Pacific Ecosystems
The Pacific Ocean accounts for one-third of Earth’s surface and half of the world’s ocean area. It has about 25,000 islands, of which about 7,500 are oceanic, being relatively far from a continental shore. The great majority of all Pacific islands were born barren of life; hard, dense, volcanic rock pimples on the sea’s surface. New Zealand is the chief exception. It is among the continental islands of the western Pacific, together with Fiji, the Solomons, and others to the west.
Life arrived on most other islands by accident or by drift. Some plants arrived by air transport; seeds carried in the digestive tracts of birds account for nearly 40 percent of Hawaii’s early plants. The first invaders were either creatures that could float well enough, in air or water to cross stretches of ocean, or those whose seeds could survive a voyage in some bird’s gut. At times of lower sea level, land bridges linked, or nearly linked, many islands in the far western Pacific, so some species colonized these islands without being notably good floaters or stowaways. In the eastern Pacific (Easter Island, for example) only the best floaters and travelers arrived and survived. Consequently, the western islands have far more species and far greater biodiversity than do the eastern islands of Polynesia. Mammals found it hard to get anywhere in the island Pacific, only bats and rats successfully colonized eat of New Guinea. Almost all species derive from Asia, the early Pacific was an Asian lake, with only a tiny proportion of species from the Americas. As a rule of thumb, the further from Indonesia, the more impoverished the plant and animal life and, in consequence, the less stable and resilient in the face of disturbance. This attenuation is strong for land species, less strong for marine species, and nonexistent for oceanic birds although fairly strong for land birds.

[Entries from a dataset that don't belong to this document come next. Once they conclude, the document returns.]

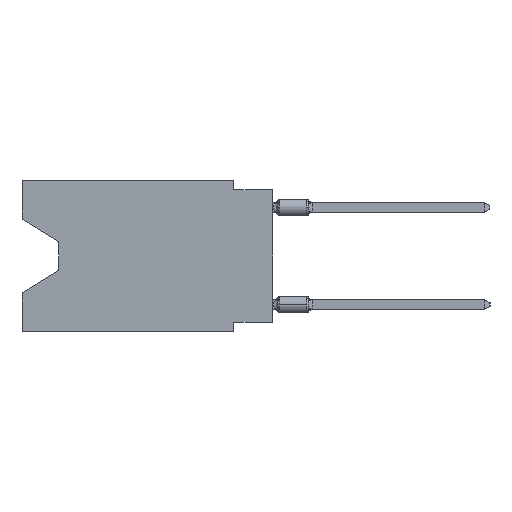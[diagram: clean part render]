
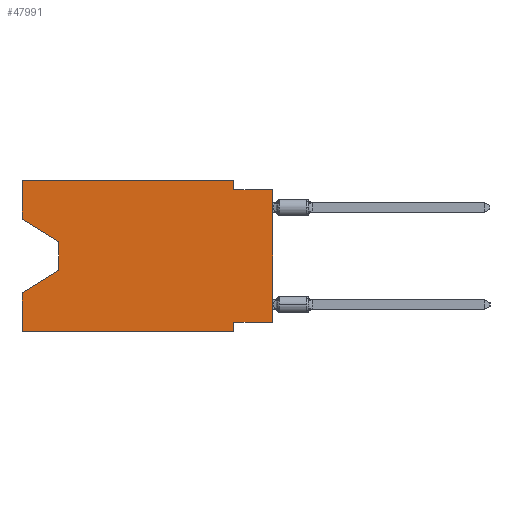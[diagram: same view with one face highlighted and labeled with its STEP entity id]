
A CAD part, left-side view. The second image highlights one B-rep face of the part: STEP entity #47991.
In plain terms, the highlighted planar face has unit normal (-1, 0, 0).
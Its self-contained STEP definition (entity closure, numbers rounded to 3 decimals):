
#130 = EDGE_LOOP ( 'NONE', ( #46608, #22634, #19337, #5782, #7616, #29644, #19509, #17171, #30632, #14424, #26681, #37879 ) ) ;
#658 = LINE ( 'NONE', #39507, #13791 ) ;
#1037 = LINE ( 'NONE', #15971, #5745 ) ;
#1068 = LINE ( 'NONE', #28323, #42038 ) ;
#2088 = EDGE_CURVE ( 'NONE', #50441, #49704, #24163, .T. ) ;
#3575 = VERTEX_POINT ( 'NONE', #38060 ) ;
#3777 = LINE ( 'NONE', #24070, #28012 ) ;
#5141 = VERTEX_POINT ( 'NONE', #17920 ) ;
#5454 = EDGE_CURVE ( 'NONE', #27159, #3575, #658, .T. ) ;
#5745 = VECTOR ( 'NONE', #12869, 1000. ) ;
#5782 = ORIENTED_EDGE ( 'NONE', *, *, #35829, .F. ) ;
#6049 = LINE ( 'NONE', #28936, #6818 ) ;
#6525 = PLANE ( 'NONE',  #15147 ) ;
#6705 = DIRECTION ( 'NONE',  ( 0., 0., -1. ) ) ;
#6818 = VECTOR ( 'NONE', #17888, 1000. ) ;
#7312 = VERTEX_POINT ( 'NONE', #29788 ) ;
#7616 = ORIENTED_EDGE ( 'NONE', *, *, #46046, .T. ) ;
#7698 = CARTESIAN_POINT ( 'NONE',  ( 0., 16.383, -9.906 ) ) ;
#8129 = DIRECTION ( 'NONE',  ( 0., 1., 0. ) ) ;
#8492 = CARTESIAN_POINT ( 'NONE',  ( 0., 16.383, -7.36 ) ) ;
#8563 = CARTESIAN_POINT ( 'NONE',  ( 0., 13.97, -5.893 ) ) ;
#9543 = LINE ( 'NONE', #48638, #23935 ) ;
#9928 = LINE ( 'NONE', #21238, #18068 ) ;
#10132 = CARTESIAN_POINT ( 'NONE',  ( 0., 16.383, 0. ) ) ;
#10770 = EDGE_CURVE ( 'NONE', #20581, #21359, #13230, .T. ) ;
#12200 = LINE ( 'NONE', #23764, #37704 ) ;
#12869 = DIRECTION ( 'NONE',  ( 0., 0., 1. ) ) ;
#13230 = LINE ( 'NONE', #20687, #49474 ) ;
#13791 = VECTOR ( 'NONE', #16338, 1000. ) ;
#14410 = EDGE_CURVE ( 'NONE', #27159, #20847, #12200, .T. ) ;
#14424 = ORIENTED_EDGE ( 'NONE', *, *, #19639, .F. ) ;
#15147 = AXIS2_PLACEMENT_3D ( 'NONE', #10132, #18355, #40744 ) ;
#15971 = CARTESIAN_POINT ( 'NONE',  ( 0., 16.383, 0. ) ) ;
#16222 = DIRECTION ( 'NONE',  ( 0., 0., 1. ) ) ;
#16338 = DIRECTION ( 'NONE',  ( 0., 0., 1. ) ) ;
#17171 = ORIENTED_EDGE ( 'NONE', *, *, #50778, .T. ) ;
#17888 = DIRECTION ( 'NONE',  ( 0., -1., 0. ) ) ;
#17920 = CARTESIAN_POINT ( 'NONE',  ( 0., 2.54, -9.271 ) ) ;
#18068 = VECTOR ( 'NONE', #25341, 1000. ) ;
#18355 = DIRECTION ( 'NONE',  ( 1., 0., 0. ) ) ;
#19109 = EDGE_CURVE ( 'NONE', #7312, #5141, #3777, .T. ) ;
#19337 = ORIENTED_EDGE ( 'NONE', *, *, #2088, .T. ) ;
#19425 = EDGE_CURVE ( 'NONE', #5141, #40967, #1068, .T. ) ;
#19503 = VERTEX_POINT ( 'NONE', #31921 ) ;
#19509 = ORIENTED_EDGE ( 'NONE', *, *, #19109, .F. ) ;
#19639 = EDGE_CURVE ( 'NONE', #19503, #20581, #9543, .T. ) ;
#19717 = DIRECTION ( 'NONE',  ( 0., -1., 0. ) ) ;
#19830 = CARTESIAN_POINT ( 'NONE',  ( 0., 0., 0. ) ) ;
#20581 = VERTEX_POINT ( 'NONE', #38231 ) ;
#20687 = CARTESIAN_POINT ( 'NONE',  ( 0., 0., -0.635 ) ) ;
#20847 = VERTEX_POINT ( 'NONE', #29392 ) ;
#21238 = CARTESIAN_POINT ( 'NONE',  ( 0., 13.97, -4.013 ) ) ;
#21359 = VERTEX_POINT ( 'NONE', #27189 ) ;
#22634 = ORIENTED_EDGE ( 'NONE', *, *, #43596, .T. ) ;
#22636 = VECTOR ( 'NONE', #48091, 1000. ) ;
#23342 = VERTEX_POINT ( 'NONE', #7698 ) ;
#23764 = CARTESIAN_POINT ( 'NONE',  ( 0., 16.383, -2.546 ) ) ;
#23767 = CARTESIAN_POINT ( 'NONE',  ( 0., 2.54, -9.906 ) ) ;
#23905 = CARTESIAN_POINT ( 'NONE',  ( 0., 13.97, -5.893 ) ) ;
#23935 = VECTOR ( 'NONE', #6705, 1000. ) ;
#24070 = CARTESIAN_POINT ( 'NONE',  ( 0., 0., -9.271 ) ) ;
#24163 = LINE ( 'NONE', #23905, #22636 ) ;
#24796 = DIRECTION ( 'NONE',  ( 0., -1., 0. ) ) ;
#25341 = DIRECTION ( 'NONE',  ( 0., 0., -1. ) ) ;
#25964 = VECTOR ( 'NONE', #16222, 1000. ) ;
#26681 = ORIENTED_EDGE ( 'NONE', *, *, #40593, .F. ) ;
#27159 = VERTEX_POINT ( 'NONE', #32251 ) ;
#27189 = CARTESIAN_POINT ( 'NONE',  ( 0., 0., -0.635 ) ) ;
#27805 = DIRECTION ( 'NONE',  ( 0., 0., -1. ) ) ;
#28012 = VECTOR ( 'NONE', #8129, 1000. ) ;
#28323 = CARTESIAN_POINT ( 'NONE',  ( 0., 2.54, -9.906 ) ) ;
#28936 = CARTESIAN_POINT ( 'NONE',  ( 0., 16.383, 0. ) ) ;
#29392 = CARTESIAN_POINT ( 'NONE',  ( 0., 13.97, -4.013 ) ) ;
#29644 = ORIENTED_EDGE ( 'NONE', *, *, #19425, .F. ) ;
#29788 = CARTESIAN_POINT ( 'NONE',  ( 0., 0., -9.271 ) ) ;
#30632 = ORIENTED_EDGE ( 'NONE', *, *, #10770, .F. ) ;
#31921 = CARTESIAN_POINT ( 'NONE',  ( 0., 2.54, 0. ) ) ;
#32251 = CARTESIAN_POINT ( 'NONE',  ( 0., 16.383, -2.546 ) ) ;
#35609 = DIRECTION ( 'NONE',  ( 0., -0.855, -0.519 ) ) ;
#35829 = EDGE_CURVE ( 'NONE', #23342, #49704, #1037, .T. ) ;
#37704 = VECTOR ( 'NONE', #35609, 1000. ) ;
#37879 = ORIENTED_EDGE ( 'NONE', *, *, #5454, .F. ) ;
#38060 = CARTESIAN_POINT ( 'NONE',  ( 0., 16.383, 0. ) ) ;
#38231 = CARTESIAN_POINT ( 'NONE',  ( 0., 2.54, -0.635 ) ) ;
#39507 = CARTESIAN_POINT ( 'NONE',  ( 0., 16.383, 0. ) ) ;
#39625 = VECTOR ( 'NONE', #19717, 1000. ) ;
#40593 = EDGE_CURVE ( 'NONE', #3575, #19503, #6049, .T. ) ;
#40744 = DIRECTION ( 'NONE',  ( 0., 0., -1. ) ) ;
#40967 = VERTEX_POINT ( 'NONE', #23767 ) ;
#40989 = FACE_OUTER_BOUND ( 'NONE', #130, .T. ) ;
#42038 = VECTOR ( 'NONE', #27805, 1000. ) ;
#42877 = LINE ( 'NONE', #50590, #39625 ) ;
#43596 = EDGE_CURVE ( 'NONE', #20847, #50441, #9928, .T. ) ;
#43742 = LINE ( 'NONE', #19830, #25964 ) ;
#46046 = EDGE_CURVE ( 'NONE', #23342, #40967, #42877, .T. ) ;
#46608 = ORIENTED_EDGE ( 'NONE', *, *, #14410, .T. ) ;
#47991 = ADVANCED_FACE ( 'NONE', ( #40989 ), #6525, .F. ) ;
#48091 = DIRECTION ( 'NONE',  ( 0., 0.855, -0.519 ) ) ;
#48638 = CARTESIAN_POINT ( 'NONE',  ( 0., 2.54, 0. ) ) ;
#49474 = VECTOR ( 'NONE', #24796, 1000. ) ;
#49704 = VERTEX_POINT ( 'NONE', #8492 ) ;
#50441 = VERTEX_POINT ( 'NONE', #8563 ) ;
#50590 = CARTESIAN_POINT ( 'NONE',  ( 0., 16.383, -9.906 ) ) ;
#50778 = EDGE_CURVE ( 'NONE', #7312, #21359, #43742, .T. ) ;

Pacific ecosystems evolved in relative (but differential) isolation from the continental crucibles of biological evolution. This meant opportunities for speciation – the development of new species occupying ecological niches elsewhere – were already filled. The finches described by the naturalist Charles Darwin on the Galapagos Islands – birds that divided into different species, each specialized for a narrow niche – are the classic example. On islands that had no mammals, reptiles and birds took their place. Thus the Galapagos have giant tortoises, and New Zealand once had giant birds that functioned more or less like browsing or grazing mammals. Throughout most of the Pacific, the paucity of grazing animals meant that plants developed no defenses, such as spines, poisonous chemicals, or bitterness. The remote islands had a very high proportion of endemism – that is, of species that existed only there. In the case of Hawaii, as many as 99 percent of the species were endemic. All this led to a certain biological vulnerability among the terrestrial island species, should they ever be obliged to compete for niche space with the winders of the more intense continental competitions for survival. This vulnerability increased toward the east and toward the remote corners of the Pacific along a gradient defined chiefly by the degree of isolation.